# Time Series Analysis in R

Time series analysis is a method of examining a set of data points collected over a period of time. Time series analysis implies analysts recording data points at constant intervals over an established span rather than just periodically or arbitrarily. It is simple to attain using the ts() method and certain parameters. Time series use a data vector and integrate each data point with a period value specified by the user. This function is usually used to discover and forecast the actions of a business asset over time.

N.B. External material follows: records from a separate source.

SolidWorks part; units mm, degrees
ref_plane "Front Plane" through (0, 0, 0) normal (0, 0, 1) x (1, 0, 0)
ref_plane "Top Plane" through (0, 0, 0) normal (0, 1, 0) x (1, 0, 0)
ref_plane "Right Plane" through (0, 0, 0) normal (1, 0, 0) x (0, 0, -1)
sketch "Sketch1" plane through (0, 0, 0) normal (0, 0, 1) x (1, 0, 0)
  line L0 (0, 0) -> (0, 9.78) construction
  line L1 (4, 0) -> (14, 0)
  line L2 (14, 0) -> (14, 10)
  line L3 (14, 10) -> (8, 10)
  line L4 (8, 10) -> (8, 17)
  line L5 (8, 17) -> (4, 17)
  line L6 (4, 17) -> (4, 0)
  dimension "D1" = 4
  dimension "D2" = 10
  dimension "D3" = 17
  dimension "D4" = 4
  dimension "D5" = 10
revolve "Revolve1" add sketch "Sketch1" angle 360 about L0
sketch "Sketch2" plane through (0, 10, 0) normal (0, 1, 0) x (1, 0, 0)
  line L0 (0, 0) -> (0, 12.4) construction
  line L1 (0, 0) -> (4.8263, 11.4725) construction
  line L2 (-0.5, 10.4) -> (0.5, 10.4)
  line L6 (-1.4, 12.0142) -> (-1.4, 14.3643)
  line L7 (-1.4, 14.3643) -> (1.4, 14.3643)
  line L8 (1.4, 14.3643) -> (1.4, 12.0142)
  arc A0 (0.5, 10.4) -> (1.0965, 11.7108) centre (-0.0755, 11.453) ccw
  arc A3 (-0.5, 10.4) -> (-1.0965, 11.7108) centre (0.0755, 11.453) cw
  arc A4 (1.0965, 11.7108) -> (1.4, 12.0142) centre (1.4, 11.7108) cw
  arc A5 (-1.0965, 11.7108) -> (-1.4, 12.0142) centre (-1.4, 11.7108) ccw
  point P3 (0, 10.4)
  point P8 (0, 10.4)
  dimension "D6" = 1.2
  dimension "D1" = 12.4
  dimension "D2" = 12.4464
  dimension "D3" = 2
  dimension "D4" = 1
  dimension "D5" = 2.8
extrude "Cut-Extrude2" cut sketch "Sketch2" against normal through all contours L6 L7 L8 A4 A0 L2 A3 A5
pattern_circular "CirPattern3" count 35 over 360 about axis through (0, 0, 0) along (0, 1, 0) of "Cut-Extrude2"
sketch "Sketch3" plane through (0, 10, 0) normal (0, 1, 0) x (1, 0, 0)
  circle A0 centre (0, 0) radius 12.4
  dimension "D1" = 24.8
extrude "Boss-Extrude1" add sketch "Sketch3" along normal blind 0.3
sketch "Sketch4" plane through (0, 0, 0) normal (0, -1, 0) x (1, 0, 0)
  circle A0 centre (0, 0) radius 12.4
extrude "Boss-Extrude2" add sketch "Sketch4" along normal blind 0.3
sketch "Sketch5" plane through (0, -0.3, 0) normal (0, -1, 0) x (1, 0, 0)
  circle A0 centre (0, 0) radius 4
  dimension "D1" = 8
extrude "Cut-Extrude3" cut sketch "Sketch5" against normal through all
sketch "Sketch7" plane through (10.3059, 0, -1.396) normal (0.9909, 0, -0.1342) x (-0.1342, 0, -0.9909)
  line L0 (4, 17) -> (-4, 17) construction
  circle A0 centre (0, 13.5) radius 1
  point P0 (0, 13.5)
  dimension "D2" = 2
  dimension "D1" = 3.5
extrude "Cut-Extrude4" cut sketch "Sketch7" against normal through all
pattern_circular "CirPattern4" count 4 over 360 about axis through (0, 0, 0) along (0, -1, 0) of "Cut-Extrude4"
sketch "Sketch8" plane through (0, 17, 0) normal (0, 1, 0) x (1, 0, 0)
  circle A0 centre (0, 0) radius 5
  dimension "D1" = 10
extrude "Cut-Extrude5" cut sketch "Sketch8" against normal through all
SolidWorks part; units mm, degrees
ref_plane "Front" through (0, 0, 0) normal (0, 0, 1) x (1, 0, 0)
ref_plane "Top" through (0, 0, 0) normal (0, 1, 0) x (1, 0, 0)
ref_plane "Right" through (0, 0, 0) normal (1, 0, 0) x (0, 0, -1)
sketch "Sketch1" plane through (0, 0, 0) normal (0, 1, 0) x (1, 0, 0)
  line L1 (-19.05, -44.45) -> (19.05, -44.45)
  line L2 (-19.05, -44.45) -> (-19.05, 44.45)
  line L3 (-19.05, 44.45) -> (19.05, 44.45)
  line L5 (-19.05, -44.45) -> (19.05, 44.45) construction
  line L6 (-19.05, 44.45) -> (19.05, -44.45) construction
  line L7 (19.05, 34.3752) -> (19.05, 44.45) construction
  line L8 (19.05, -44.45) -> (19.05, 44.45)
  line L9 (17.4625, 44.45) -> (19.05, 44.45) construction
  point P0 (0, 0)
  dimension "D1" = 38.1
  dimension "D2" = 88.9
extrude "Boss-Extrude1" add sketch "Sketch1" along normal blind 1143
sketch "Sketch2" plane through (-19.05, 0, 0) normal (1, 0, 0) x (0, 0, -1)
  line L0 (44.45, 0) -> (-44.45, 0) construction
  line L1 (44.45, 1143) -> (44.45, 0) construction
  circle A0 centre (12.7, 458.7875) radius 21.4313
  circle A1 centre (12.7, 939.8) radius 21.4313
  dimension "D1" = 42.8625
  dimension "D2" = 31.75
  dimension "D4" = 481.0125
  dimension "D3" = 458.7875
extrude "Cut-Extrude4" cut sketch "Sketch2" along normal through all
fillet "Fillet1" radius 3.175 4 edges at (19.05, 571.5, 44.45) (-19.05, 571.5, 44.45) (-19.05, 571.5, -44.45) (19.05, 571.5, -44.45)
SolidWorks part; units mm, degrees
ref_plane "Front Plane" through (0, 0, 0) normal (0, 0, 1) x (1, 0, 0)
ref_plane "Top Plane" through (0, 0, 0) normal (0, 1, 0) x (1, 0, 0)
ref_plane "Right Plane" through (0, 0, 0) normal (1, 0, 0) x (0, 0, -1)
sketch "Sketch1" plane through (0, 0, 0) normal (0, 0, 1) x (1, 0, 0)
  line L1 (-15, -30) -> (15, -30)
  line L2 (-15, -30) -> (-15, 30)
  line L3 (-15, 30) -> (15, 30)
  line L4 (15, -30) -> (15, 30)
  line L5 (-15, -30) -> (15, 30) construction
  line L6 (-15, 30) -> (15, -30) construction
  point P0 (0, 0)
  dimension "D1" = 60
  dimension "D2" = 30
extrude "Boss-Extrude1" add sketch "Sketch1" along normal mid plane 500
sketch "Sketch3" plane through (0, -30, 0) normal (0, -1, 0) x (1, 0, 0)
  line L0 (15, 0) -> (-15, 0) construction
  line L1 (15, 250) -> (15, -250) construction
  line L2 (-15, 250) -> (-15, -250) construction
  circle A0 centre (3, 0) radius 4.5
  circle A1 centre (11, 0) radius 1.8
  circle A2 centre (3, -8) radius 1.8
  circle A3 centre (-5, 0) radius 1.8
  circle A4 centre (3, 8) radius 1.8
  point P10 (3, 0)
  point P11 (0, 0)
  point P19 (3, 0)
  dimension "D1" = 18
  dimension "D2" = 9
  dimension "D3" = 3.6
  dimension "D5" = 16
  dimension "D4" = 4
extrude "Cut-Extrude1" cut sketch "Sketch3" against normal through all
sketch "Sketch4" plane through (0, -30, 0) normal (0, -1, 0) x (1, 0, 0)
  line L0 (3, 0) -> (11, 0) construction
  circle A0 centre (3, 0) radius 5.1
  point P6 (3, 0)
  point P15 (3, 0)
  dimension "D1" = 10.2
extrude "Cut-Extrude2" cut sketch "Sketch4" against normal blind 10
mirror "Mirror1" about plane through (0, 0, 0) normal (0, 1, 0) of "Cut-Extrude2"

Stock market prices are a real-world example of time-series data. The value of stocks, commodities, and other financial instruments is documented over time in financial markets. Each data point shows the asset’s price at a certain point in time. Analyzing historical stock prices as a time series can assist investors and analysts in identifying trends and patterns, as well as forecasting future price movements.

It is widely used in a variety of industries, including weather forecasting, energy usage prediction, flow of traffic analysis, and a lot more, where data is accumulated over time to grasp patterns and make educated choices.

To perform time series analysis in R, one can take help from the below example. Data has been created by the seq() function.

`# Load necessary packages install.packages(c("forecast", "tseries"))  library(forecast)  library(tseries)  # Set seed for reproducibility  set.seed(123)  # Create a time sequence from January 2020 to December 2022 with monthly frequency  date_sequence <- seq(as.Date("2020-01-01"), as.Date("2022-12-31"), by = "months")  # Create a linear trend with some random noise  linear_trend <- seq(50, 150, length.out = length(date_sequence))  random_noise <- rnorm(length(date_sequence), mean = 0, sd = 10)  stock_prices <- ts(linear_trend + random_noise, start = c(2020, 1), frequency = 12)  stock_prices  # Plot the generated time series  plot(stock_prices, main = "Stock Prices Data", xlab = "Date", ylab = "Values")`

It can be seen in the picture that values have been generated against 3 years as monthly data and a time series graph that shows stock prices vs. years.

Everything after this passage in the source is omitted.